Many thanks for the special case code Jeff,
This appears to work well.
I see you picked up on our confusion about the -180 to 180 longitude 
range. I'll pass this on and look at clipping the lines outside the 
circle later,
regards,
Gary

Jeff Whitaker wrote:
> [EMAIL PROTECTED] wrote:
>> I've been trying to help a friend who wants to plot directional data 
>> on a "Wulff net" 
>> <http://en.wikipedia.org/wiki/Pole_figure#Geometry_in_the_pole_figure>, 
>> which is a stereographic projection plot. She wants to plot points 
>> specified by latitude and longitude in degrees. We hoped to be able to 
>> use the basemap toolkit's "stere" plot, centred at lat_0=0, lon_0=0, 
>> with limits set at +/-90deg lat and +/-180deg lon, but we keep getting 
>> tracebacks and I wondered whether this is possible, based on a comment 
>> from Jeff Whitaker 
>> <http://www.nabble.com/-basemap--stereographic-projection-bounding-boxes-tf2170166.html#a6000978>
>>  
>> which implies that basemap's stereographic projection code can't 
>> handle these default limits. Is this the case? Would it be asking too 
>> much to request a small sample of generating some Wulff-net axes? 

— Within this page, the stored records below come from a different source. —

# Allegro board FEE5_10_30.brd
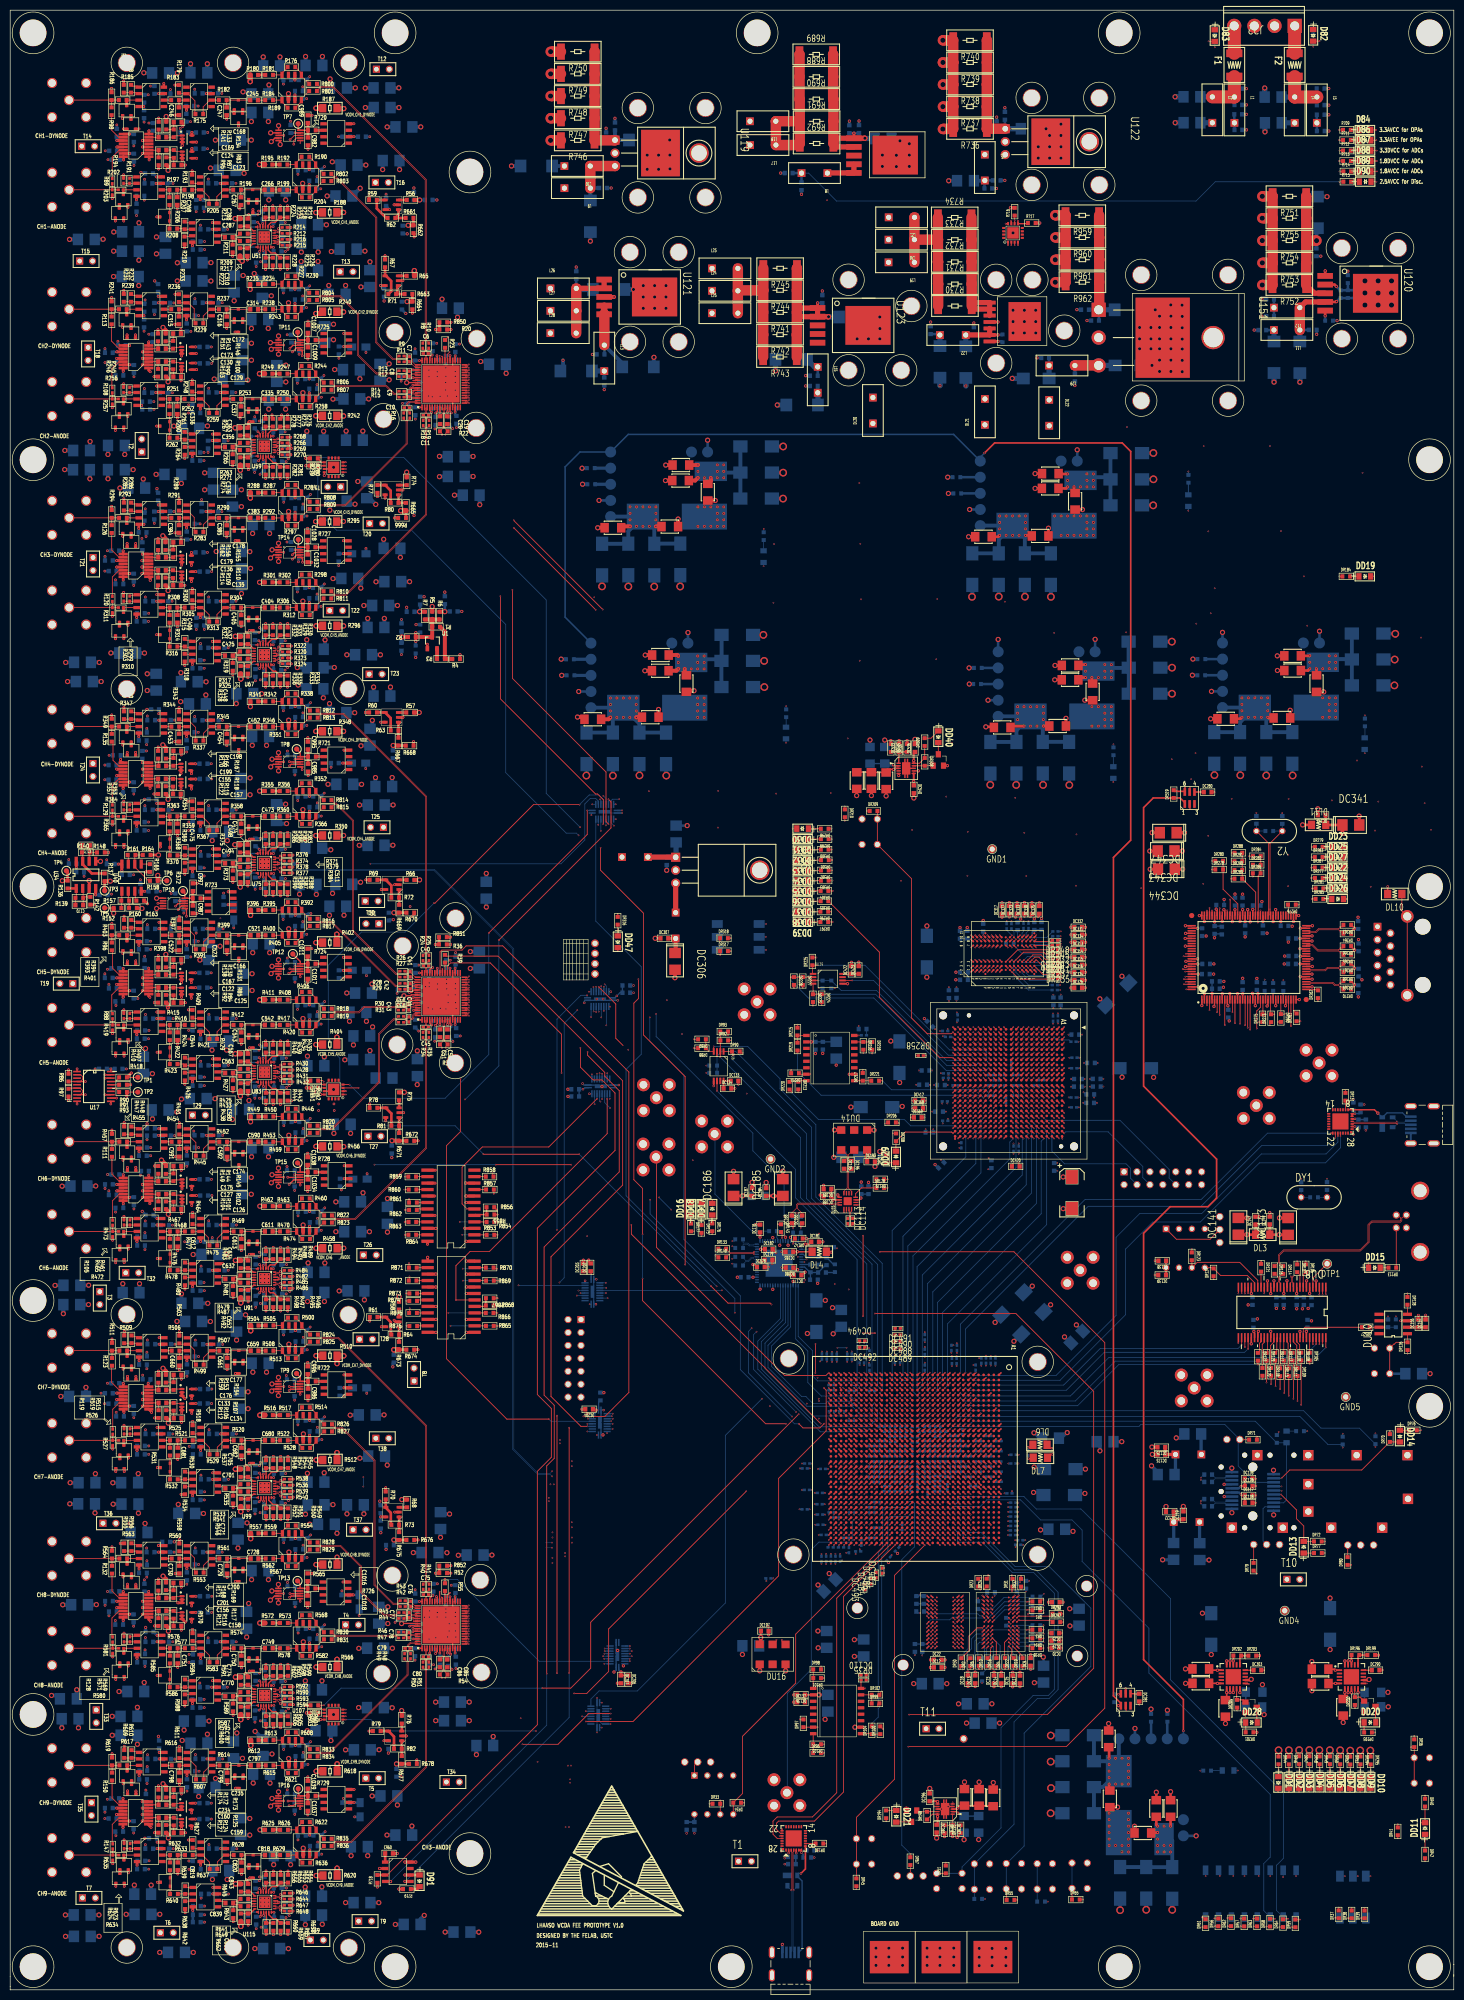
[diagram p0: board, top side]
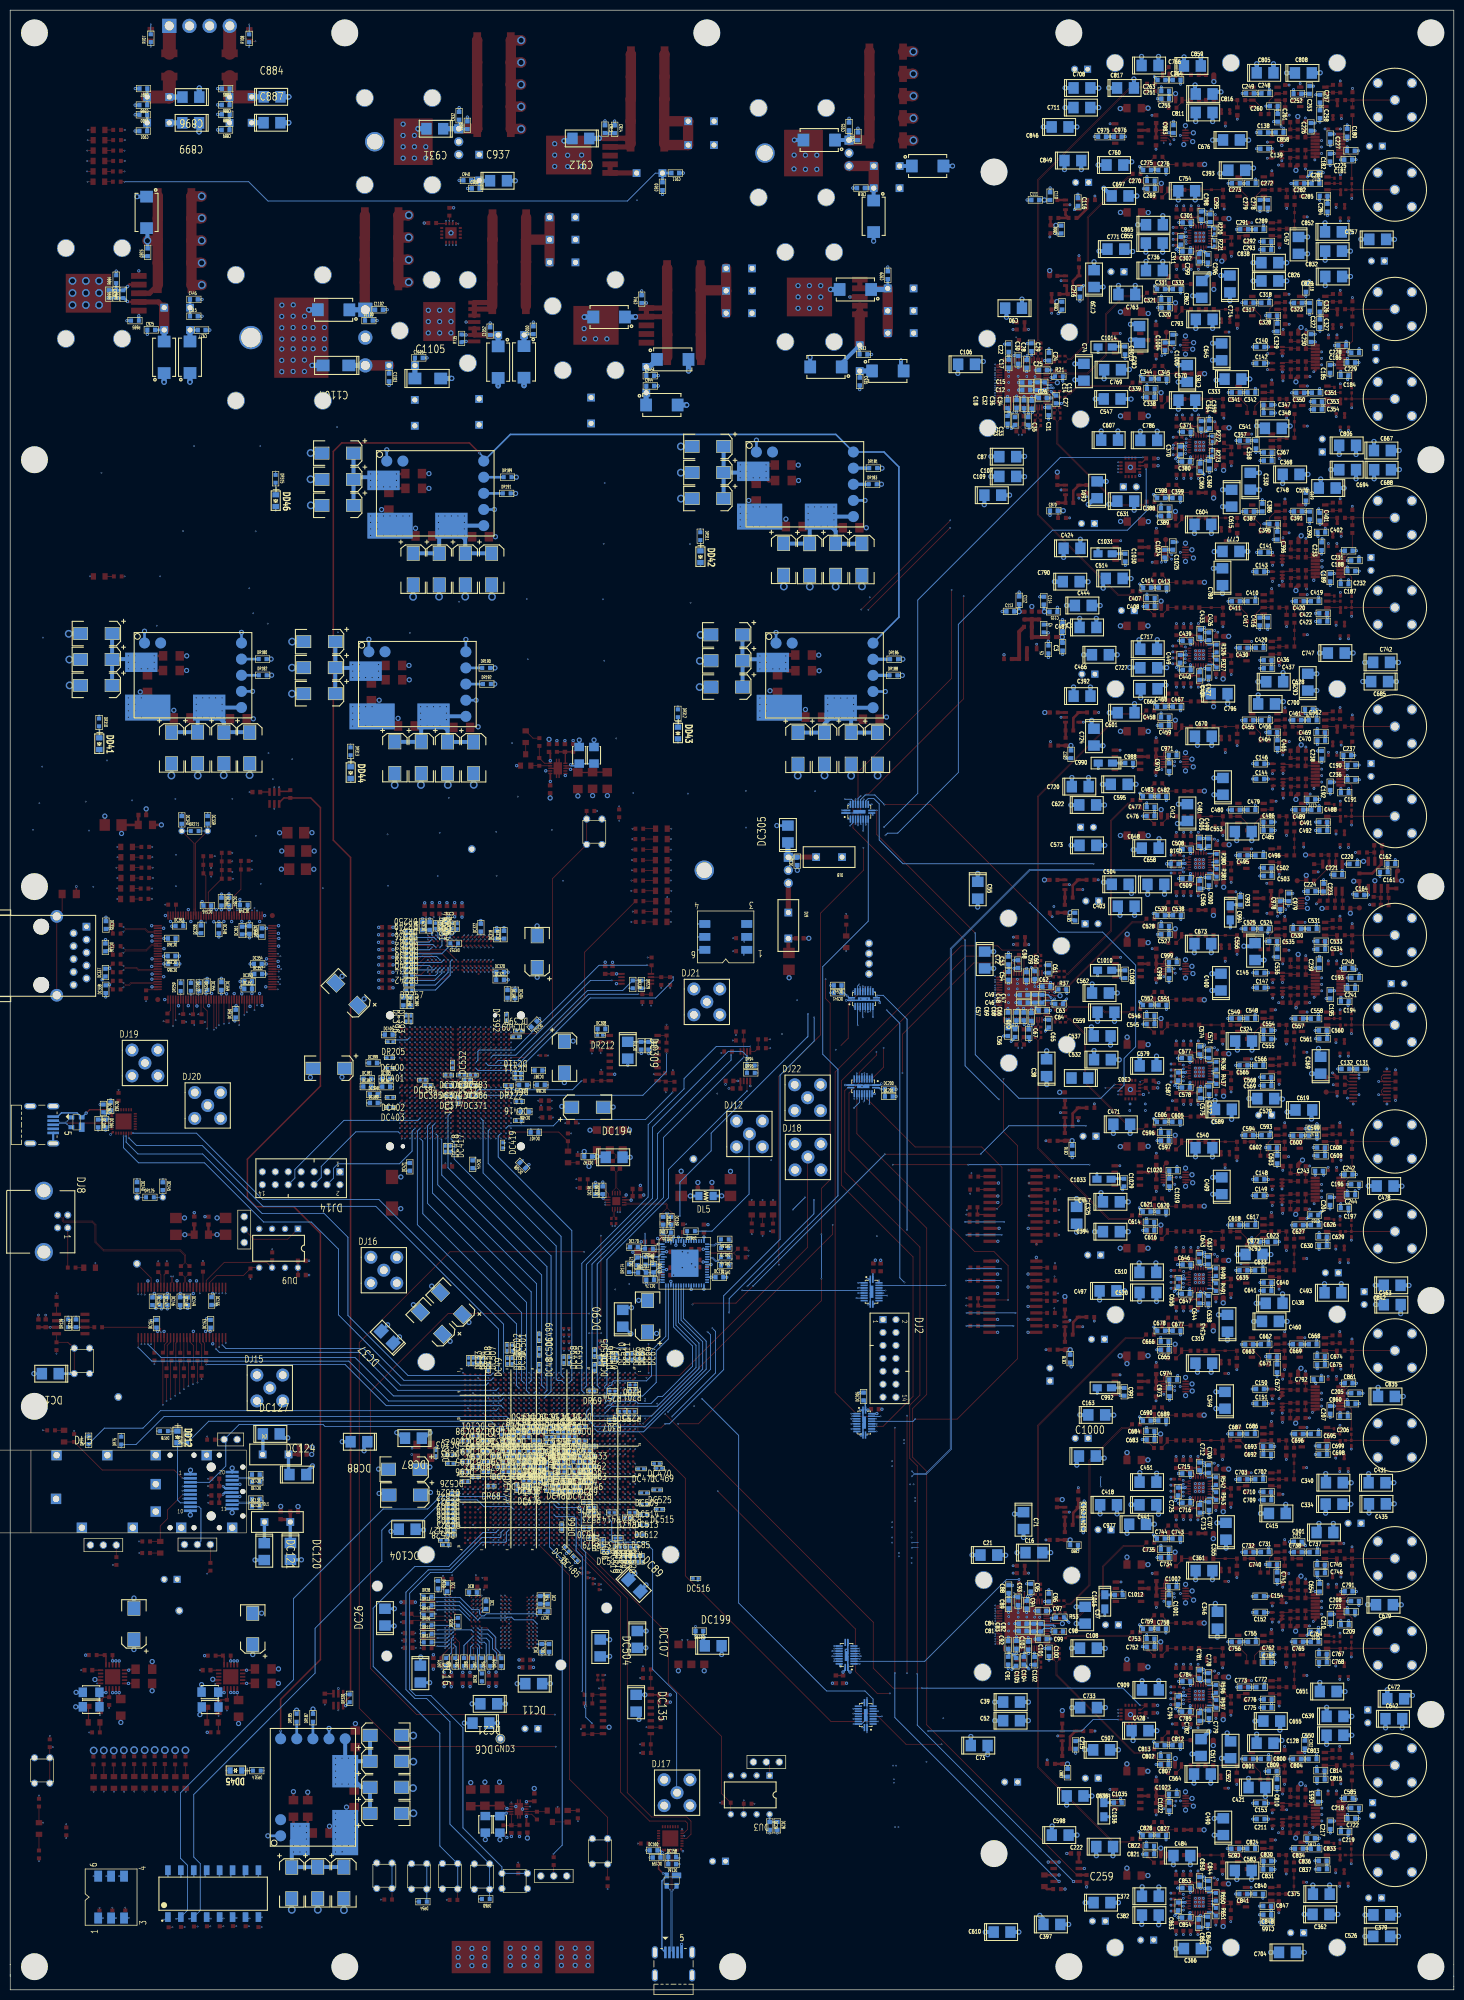
[diagram p1: board, bottom side, seen from below]

Outline 283.59 x 388.73 mm; copper layers: TOP, G1, P1, S1, G2, S2, S3, G3, S4, P2, S5, G4, P3, BOTTOM. Coordinates in mm from the lower left corner of the outline.
Outline path: 0,2.68 0,388.73 283.59,388.73 283.59,4.97 283.59,4.97 ; 0,2.68 0,0.7 0,0.7 0,0 0,0 283.56,0 283.58,0.02 283.58,3 ; 0,2.68 0,2.68 ; 283.58,2.68 283.58,2.68 283.58,5.01

## Design rules (mm)
net group 88E11_XTAL: nets XTAL1_25MHZ_ENET XTAL2_25MHZ_ENET
net group A7_CLK: nets A7_CLK_125M_N A7_CLK_125M_P
net group A7_CLK_200: nets A7_CLK_200M_N A7_CLK_200M_P
net group A7_DDR3_CK1: nets A7_DDR3_CK_N1 A7_DDR3_CK_P1
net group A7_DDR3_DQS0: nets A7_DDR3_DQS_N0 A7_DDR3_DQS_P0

>> Plotting points on these seems simple enough. We started with the 
>> polarmaps.py example and the code below is as close as we could get. 
>> Any suggestions would be welco
>>  me.
>>
>> Gary Ruben
>>
>> -- 
>>
>> from matplotlib.toolkits.basemap import Basemap
>> from pylab import *
>>
>> # loop over projections, one for each panel of the figure.
>> fig = figure(figsize=(4,4))
>> # setup map projection
>> m = 
>> Basemap(projection='stere',lat_0=0.,lon_0=0.,llcrnrlat=-50.,llcrnrlon=-120., 
>> urcrnrlat=90., urcrnrlon=90.)
>>            ax = fig.add_subplot(1,1,1)
>> # draw parallels and meridians.
>> m.drawparallels(arange(-180.,180.,10.))
>> m.drawmeridians(arange(-90.,90.,10.))
>> # draw boundary around map region.
>> m.drawmapboundary()
>> show()
>>
>>
>> -
> Gary:
> 
> How about this?
> 
> import pylab as p
> from matplotlib.toolkits.basemap import Basemap
> from matplotlib.patches import Circle, Polygon
> w=25483988.0
> map = Basemap(lon_0=0,lat_0=0,projection='stere',width=w,height=w)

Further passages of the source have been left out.